The testator then directs as follows: “I do hereby will and direct my executor, herein after named, to sell at public auction, or otherwise, as to him shall seem best, and for such prices as he shall judge expedient, all the rest and residue of my land and real estate and personal [188]*188property, whatsoever and wheresoever situate, and the moneys arising from such sales,' with what may be due me at my decease (over paying my debts and personal expenses) and including the two thousand dollars charged on the real estate herein before devised to Abram and James, and the value of the land bequeathed to Lucy, to be disposed of as follows.” The testator then names his four sons and four daughters, who had not before been provided for in his will, and gives to each of them the one eighth part of the residuary fund thus in the hands of his executor.

The testator died on the 27th day of July, 1849. His son George, one of the defendants, was, at his father’s death, in possession of the homestead farm, which constituted all the land which the executor afterwards sold under the fifth clause of the will, and for the purposes there mentioned.
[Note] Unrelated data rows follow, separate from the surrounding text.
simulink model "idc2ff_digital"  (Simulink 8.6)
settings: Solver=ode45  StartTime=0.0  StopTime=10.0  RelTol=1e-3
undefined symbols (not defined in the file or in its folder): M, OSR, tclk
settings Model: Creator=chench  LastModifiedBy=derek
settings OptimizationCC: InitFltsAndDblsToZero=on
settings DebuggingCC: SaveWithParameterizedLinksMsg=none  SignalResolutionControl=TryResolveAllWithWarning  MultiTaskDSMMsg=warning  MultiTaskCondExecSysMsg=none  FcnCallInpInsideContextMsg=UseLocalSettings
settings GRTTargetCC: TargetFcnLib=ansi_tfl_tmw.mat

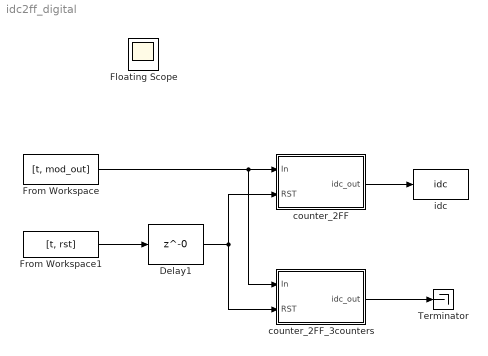
== system idc2ff_digital ==
  Delay1 : Delay  DelayLength=0  InitialCondition=0  InputProcessing=Inherited
  From Workspace : FromWorkspace  VariableName=[t, mod_out]  SampleTime=tclk  Interpolate=off  OutputAfterFinalValue=Holding final value
  From Workspace1 : FromWorkspace  VariableName=[t, rst]  SampleTime=tclk  Interpolate=off  OutputAfterFinalValue=Holding final value
  Terminator : Terminator
  counter_2FF : Subsystem
  counter_2FF_3counters : Subsystem
  idc : ToWorkspace  VariableName=idc  SampleTime=-1
  Floating Scope : Scope
  wires:
  From Workspace/1 -> counter_2FF/1(In), counter_2FF_3counters/1(In)
  counter_2FF/1(idc_out) -> idc/1
  From Workspace1/1 -> Delay1/1
  Delay1/1 -> counter_2FF/2(RST), counter_2FF_3counters/2(RST)
  counter_2FF_3counters/1(idc_out) -> Terminator/1

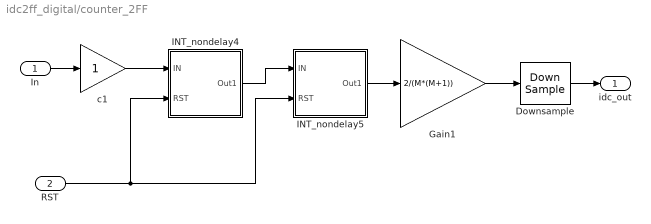
== system idc2ff_digital/counter_2FF ==
  In : Inport
  RST : Inport  Port=2
  Downsample : DownSample  N=OSR  phase=OSR-1  RateOptions=Allow multirate processing
  Gain1 : Gain  Gain=2/(M*(M+1))
  INT_nondelay4 : Subsystem
  INT_nondelay5 : Subsystem
  c1 : Gain  SaturateOnIntegerOverflow=on  OutDataTypeStr=Inherit: Same as input  ParamDataTypeStr=Inherit: Same as input
  idc_out : Outport
  wires:
  RST/1 -> INT_nondelay5/2(RST), INT_nondelay4/2(RST)
  Downsample/1 -> idc_out/1
  c1/1 -> INT_nondelay4/1(IN)
  In/1 -> c1/1
  INT_nondelay4/1(Out1) -> INT_nondelay5/1(IN)
  Gain1/1 -> Downsample/1
  INT_nondelay5/1(Out1) -> Gain1/1

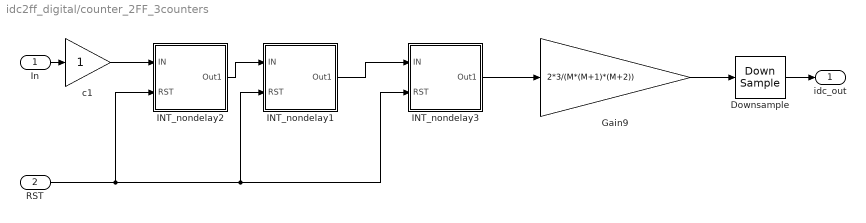
== system idc2ff_digital/counter_2FF_3counters ==
  In : Inport
  RST : Inport  Port=2
  Downsample : DownSample  N=OSR  phase=OSR-1  RateOptions=Allow multirate processing
  Gain9 : Gain  Gain=2*3/(M*(M+1)*(M+2))
  INT_nondelay1 : Subsystem
  INT_nondelay2 : Subsystem
  INT_nondelay3 : Subsystem
  c1 : Gain  SaturateOnIntegerOverflow=on  OutDataTypeStr=Inherit: Same as input  ParamDataTypeStr=Inherit: Same as input
  idc_out : Outport
  wires:
  RST/1 -> INT_nondelay3/2(RST), INT_nondelay1/2(RST), INT_nondelay2/2(RST)
  Downsample/1 -> idc_out/1
  c1/1 -> INT_nondelay2/1(IN)
  In/1 -> c1/1
  INT_nondelay2/1(Out1) -> INT_nondelay1/1(IN)
  INT_nondelay1/1(Out1) -> INT_nondelay3/1(IN)
  INT_nondelay3/1(Out1) -> Gain9/1
  Gain9/1 -> Downsample/1

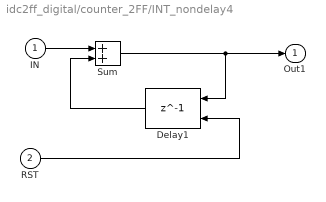
== system idc2ff_digital/counter_2FF/INT_nondelay4 ==
  IN : Inport
  RST : Inport  Port=2
  Delay1 : Delay  DelayLength=1  InitialCondition=0  ExternalReset=Rising  InputProcessing=Inherited
      settings: InputPortMap=u0,r5
  Sum : Sum  SaturateOnIntegerOverflow=on  InputSameDT=on  OutDataTypeStr=Inherit: Same as first input
  Out1 : Outport
  wires:
  IN/1 -> Sum/1
  Sum/1 -> Delay1/1, Out1/1
  RST/1 -> Delay1/2
  Delay1/1 -> Sum/2

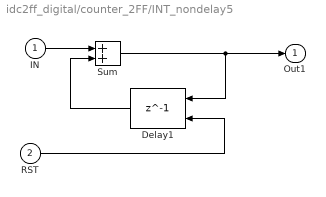
== system idc2ff_digital/counter_2FF/INT_nondelay5 ==
  IN : Inport
  RST : Inport  Port=2
  Delay1 : Delay  DelayLength=1  InitialCondition=0  ExternalReset=Rising  InputProcessing=Inherited
      settings: InputPortMap=u0,r5
  Sum : Sum  SaturateOnIntegerOverflow=on  InputSameDT=on  OutDataTypeStr=Inherit: Same as first input
  Out1 : Outport
  wires:
  IN/1 -> Sum/1
  Sum/1 -> Delay1/1, Out1/1
  RST/1 -> Delay1/2
  Delay1/1 -> Sum/2

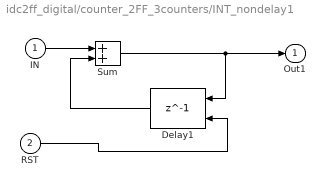
== system idc2ff_digital/counter_2FF_3counters/INT_nondelay1 ==
  IN : Inport
  RST : Inport  Port=2
  Delay1 : Delay  DelayLength=1  InitialCondition=0  ExternalReset=Rising  InputProcessing=Inherited
      settings: InputPortMap=u0,r5
  Sum : Sum  SaturateOnIntegerOverflow=on  InputSameDT=on  OutDataTypeStr=Inherit: Same as first input
  Out1 : Outport
  wires:
  IN/1 -> Sum/1
  Sum/1 -> Delay1/1, Out1/1
  RST/1 -> Delay1/2
  Delay1/1 -> Sum/2

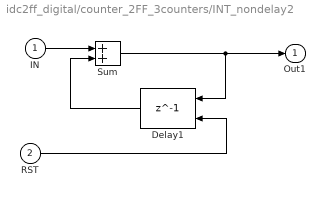
== system idc2ff_digital/counter_2FF_3counters/INT_nondelay2 ==
  IN : Inport
  RST : Inport  Port=2
  Delay1 : Delay  DelayLength=1  InitialCondition=0  ExternalReset=Rising  InputProcessing=Inherited
      settings: InputPortMap=u0,r5
  Sum : Sum  SaturateOnIntegerOverflow=on  InputSameDT=on  OutDataTypeStr=Inherit: Same as first input
  Out1 : Outport
  wires:
  IN/1 -> Sum/1
  Sum/1 -> Delay1/1, Out1/1
  RST/1 -> Delay1/2
  Delay1/1 -> Sum/2

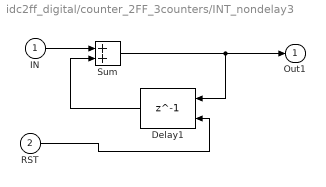
== system idc2ff_digital/counter_2FF_3counters/INT_nondelay3 ==
  IN : Inport
  RST : Inport  Port=2
  Delay1 : Delay  DelayLength=1  InitialCondition=0  ExternalReset=Rising  InputProcessing=Inherited
      settings: InputPortMap=u0,r5
  Sum : Sum  SaturateOnIntegerOverflow=on  InputSameDT=on  OutDataTypeStr=Inherit: Same as first input
  Out1 : Outport
  wires:
  IN/1 -> Sum/1
  Sum/1 -> Delay1/1, Out1/1
  RST/1 -> Delay1/2
  Delay1/1 -> Sum/2

George continued in possession until the first of April, 1751, -when he delivered it to the purchaser, to whom it had been sold by the executor.

The question is — who is entitled to the rents and profits of the land from the testator’s death to the 1st of April, 1851, at which time the sale by the executor was consummated ?

In the case of Herbert v. Executor of Tuthill et al., Sax. 141, the testator, after giving some ' specific bequests, orders “ that all the rest of his estate, real and personal, should be sold by his executors, and turned into money as' soon after his decease as conveniently might be, and distributed among his children, in certain modes and proportions therein specified,” and the Chanceltor held that the heirs were entitled to the rents and profits between the death of the testator and sale of the land.

In Bradshaw v. Ellis, 2 Dev. & Bat. Ch. Rep. 20, it was determined, where a will' merely empowers the executor to sell the real estate, it descends to the heir in the mean time, and the rents and profits for that period go to him.

These cases would seem to cover the whole ground; [189]*189and yet, as it is the intention of the testator that is to control, a very slight variation in a will sometimes makes a case which seems to be an authority not as applicable as a first impression regards it.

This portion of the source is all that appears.